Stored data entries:

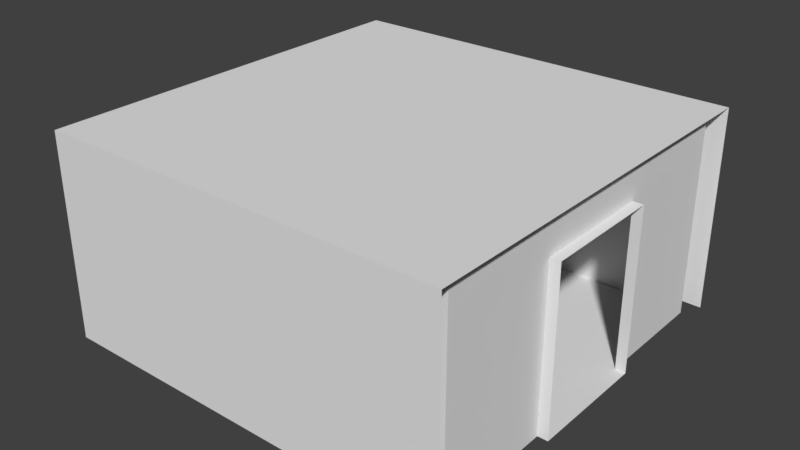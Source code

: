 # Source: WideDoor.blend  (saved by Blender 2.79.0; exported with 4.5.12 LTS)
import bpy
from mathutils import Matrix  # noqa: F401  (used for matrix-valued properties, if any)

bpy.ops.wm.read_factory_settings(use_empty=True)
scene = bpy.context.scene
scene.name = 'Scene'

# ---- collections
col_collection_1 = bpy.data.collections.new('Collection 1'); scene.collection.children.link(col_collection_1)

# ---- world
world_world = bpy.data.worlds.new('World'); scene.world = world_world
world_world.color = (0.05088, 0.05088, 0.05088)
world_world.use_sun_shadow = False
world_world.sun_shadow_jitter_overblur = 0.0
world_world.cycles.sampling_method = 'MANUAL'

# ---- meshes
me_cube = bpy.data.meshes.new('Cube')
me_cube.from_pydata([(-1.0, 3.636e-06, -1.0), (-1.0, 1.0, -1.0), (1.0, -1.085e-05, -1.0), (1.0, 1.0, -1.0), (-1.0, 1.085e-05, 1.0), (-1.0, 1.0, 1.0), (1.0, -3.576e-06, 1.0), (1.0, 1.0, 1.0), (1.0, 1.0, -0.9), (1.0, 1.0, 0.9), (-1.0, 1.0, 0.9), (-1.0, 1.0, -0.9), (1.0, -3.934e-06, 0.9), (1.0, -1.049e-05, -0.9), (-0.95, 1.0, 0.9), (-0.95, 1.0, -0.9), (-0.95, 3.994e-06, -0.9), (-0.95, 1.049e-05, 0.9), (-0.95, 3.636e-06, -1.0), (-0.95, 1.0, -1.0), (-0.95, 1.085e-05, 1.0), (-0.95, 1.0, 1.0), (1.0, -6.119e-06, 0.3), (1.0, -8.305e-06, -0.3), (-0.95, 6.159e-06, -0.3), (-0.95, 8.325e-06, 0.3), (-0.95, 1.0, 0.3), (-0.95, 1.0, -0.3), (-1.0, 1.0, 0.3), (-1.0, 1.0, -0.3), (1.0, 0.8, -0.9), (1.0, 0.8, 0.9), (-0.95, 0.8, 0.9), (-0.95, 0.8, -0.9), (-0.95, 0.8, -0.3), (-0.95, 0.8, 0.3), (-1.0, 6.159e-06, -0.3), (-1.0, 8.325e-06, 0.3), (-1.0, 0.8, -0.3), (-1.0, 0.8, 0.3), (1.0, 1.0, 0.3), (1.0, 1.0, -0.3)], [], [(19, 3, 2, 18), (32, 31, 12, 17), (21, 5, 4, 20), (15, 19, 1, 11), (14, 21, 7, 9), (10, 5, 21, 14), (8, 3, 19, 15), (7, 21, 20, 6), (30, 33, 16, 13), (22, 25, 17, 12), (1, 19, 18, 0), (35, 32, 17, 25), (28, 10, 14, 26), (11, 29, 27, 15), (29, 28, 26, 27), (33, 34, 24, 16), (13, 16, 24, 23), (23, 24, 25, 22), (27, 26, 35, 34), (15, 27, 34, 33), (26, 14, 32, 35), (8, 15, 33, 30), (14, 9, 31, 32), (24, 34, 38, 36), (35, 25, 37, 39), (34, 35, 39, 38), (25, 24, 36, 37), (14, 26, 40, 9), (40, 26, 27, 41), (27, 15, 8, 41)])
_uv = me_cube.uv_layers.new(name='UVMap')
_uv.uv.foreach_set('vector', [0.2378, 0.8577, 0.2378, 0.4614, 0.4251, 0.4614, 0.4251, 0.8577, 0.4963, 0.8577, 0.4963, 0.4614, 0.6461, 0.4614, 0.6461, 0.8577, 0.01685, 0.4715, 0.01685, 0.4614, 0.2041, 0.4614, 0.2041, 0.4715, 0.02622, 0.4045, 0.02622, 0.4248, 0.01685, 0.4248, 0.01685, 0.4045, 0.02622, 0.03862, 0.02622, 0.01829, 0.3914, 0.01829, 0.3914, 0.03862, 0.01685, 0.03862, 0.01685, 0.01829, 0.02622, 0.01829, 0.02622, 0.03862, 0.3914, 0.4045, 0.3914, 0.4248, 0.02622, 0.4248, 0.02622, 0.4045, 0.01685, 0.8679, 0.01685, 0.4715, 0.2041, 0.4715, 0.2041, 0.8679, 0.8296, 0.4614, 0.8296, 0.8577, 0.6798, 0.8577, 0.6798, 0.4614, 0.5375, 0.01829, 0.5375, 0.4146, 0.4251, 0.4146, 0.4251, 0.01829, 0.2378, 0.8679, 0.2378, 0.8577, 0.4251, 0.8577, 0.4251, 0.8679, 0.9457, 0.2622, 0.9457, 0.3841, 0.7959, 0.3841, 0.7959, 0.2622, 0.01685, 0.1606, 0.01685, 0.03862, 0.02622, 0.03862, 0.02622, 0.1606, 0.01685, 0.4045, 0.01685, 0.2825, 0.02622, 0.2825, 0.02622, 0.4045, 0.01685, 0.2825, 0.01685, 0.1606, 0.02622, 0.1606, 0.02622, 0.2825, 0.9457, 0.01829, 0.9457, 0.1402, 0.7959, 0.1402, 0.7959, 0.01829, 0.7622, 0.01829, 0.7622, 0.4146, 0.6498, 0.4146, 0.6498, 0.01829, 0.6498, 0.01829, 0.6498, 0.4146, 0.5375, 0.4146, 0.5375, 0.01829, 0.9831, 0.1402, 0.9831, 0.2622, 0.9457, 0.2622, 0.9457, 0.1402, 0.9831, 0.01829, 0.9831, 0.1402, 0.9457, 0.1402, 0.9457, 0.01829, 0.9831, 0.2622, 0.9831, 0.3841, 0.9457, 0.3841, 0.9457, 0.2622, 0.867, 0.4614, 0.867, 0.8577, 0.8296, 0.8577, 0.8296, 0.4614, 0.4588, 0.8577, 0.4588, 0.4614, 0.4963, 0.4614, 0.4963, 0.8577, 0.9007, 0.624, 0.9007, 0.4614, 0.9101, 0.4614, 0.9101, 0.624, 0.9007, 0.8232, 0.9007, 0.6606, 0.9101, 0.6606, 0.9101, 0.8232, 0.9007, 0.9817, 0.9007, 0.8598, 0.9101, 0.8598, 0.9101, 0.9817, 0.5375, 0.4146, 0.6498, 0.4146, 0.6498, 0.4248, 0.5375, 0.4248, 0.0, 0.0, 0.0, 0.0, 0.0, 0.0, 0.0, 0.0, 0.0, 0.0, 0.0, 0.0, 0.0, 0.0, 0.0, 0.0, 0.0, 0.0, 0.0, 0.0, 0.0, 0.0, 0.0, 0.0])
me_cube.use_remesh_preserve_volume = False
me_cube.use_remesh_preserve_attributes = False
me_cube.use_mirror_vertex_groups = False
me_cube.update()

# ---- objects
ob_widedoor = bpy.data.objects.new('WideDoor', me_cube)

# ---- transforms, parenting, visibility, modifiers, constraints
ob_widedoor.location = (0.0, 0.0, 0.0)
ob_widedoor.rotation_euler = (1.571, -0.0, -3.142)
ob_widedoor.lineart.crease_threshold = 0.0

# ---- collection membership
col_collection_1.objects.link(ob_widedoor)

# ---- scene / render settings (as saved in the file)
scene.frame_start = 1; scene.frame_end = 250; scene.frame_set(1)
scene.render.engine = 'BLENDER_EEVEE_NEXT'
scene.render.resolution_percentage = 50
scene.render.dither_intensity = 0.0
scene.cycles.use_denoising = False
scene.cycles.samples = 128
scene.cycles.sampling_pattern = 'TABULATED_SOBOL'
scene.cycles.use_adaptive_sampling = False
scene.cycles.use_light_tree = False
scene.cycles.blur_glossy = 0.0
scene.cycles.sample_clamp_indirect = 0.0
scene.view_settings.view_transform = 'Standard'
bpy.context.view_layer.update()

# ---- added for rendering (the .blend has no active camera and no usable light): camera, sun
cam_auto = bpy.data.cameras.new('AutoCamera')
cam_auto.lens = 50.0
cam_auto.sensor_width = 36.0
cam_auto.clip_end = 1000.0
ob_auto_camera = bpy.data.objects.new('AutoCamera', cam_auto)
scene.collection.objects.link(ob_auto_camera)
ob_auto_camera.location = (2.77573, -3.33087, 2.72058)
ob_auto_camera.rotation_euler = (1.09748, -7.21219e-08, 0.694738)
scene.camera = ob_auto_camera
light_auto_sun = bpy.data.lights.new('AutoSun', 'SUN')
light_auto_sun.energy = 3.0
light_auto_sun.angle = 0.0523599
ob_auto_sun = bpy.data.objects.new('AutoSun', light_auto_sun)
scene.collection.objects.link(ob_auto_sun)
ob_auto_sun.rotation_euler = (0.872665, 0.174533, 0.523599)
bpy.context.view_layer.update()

### Try it
Please repeat, exactly and only, the lines from the one containing "ob_auto_sun.rotation_euler = (0.872665, 0.174533, 0.523599)" through the last line of the records, both included.

### Response to this exercise
ob_auto_sun.rotation_euler = (0.872665, 0.174533, 0.523599)
bpy.context.view_layer.update()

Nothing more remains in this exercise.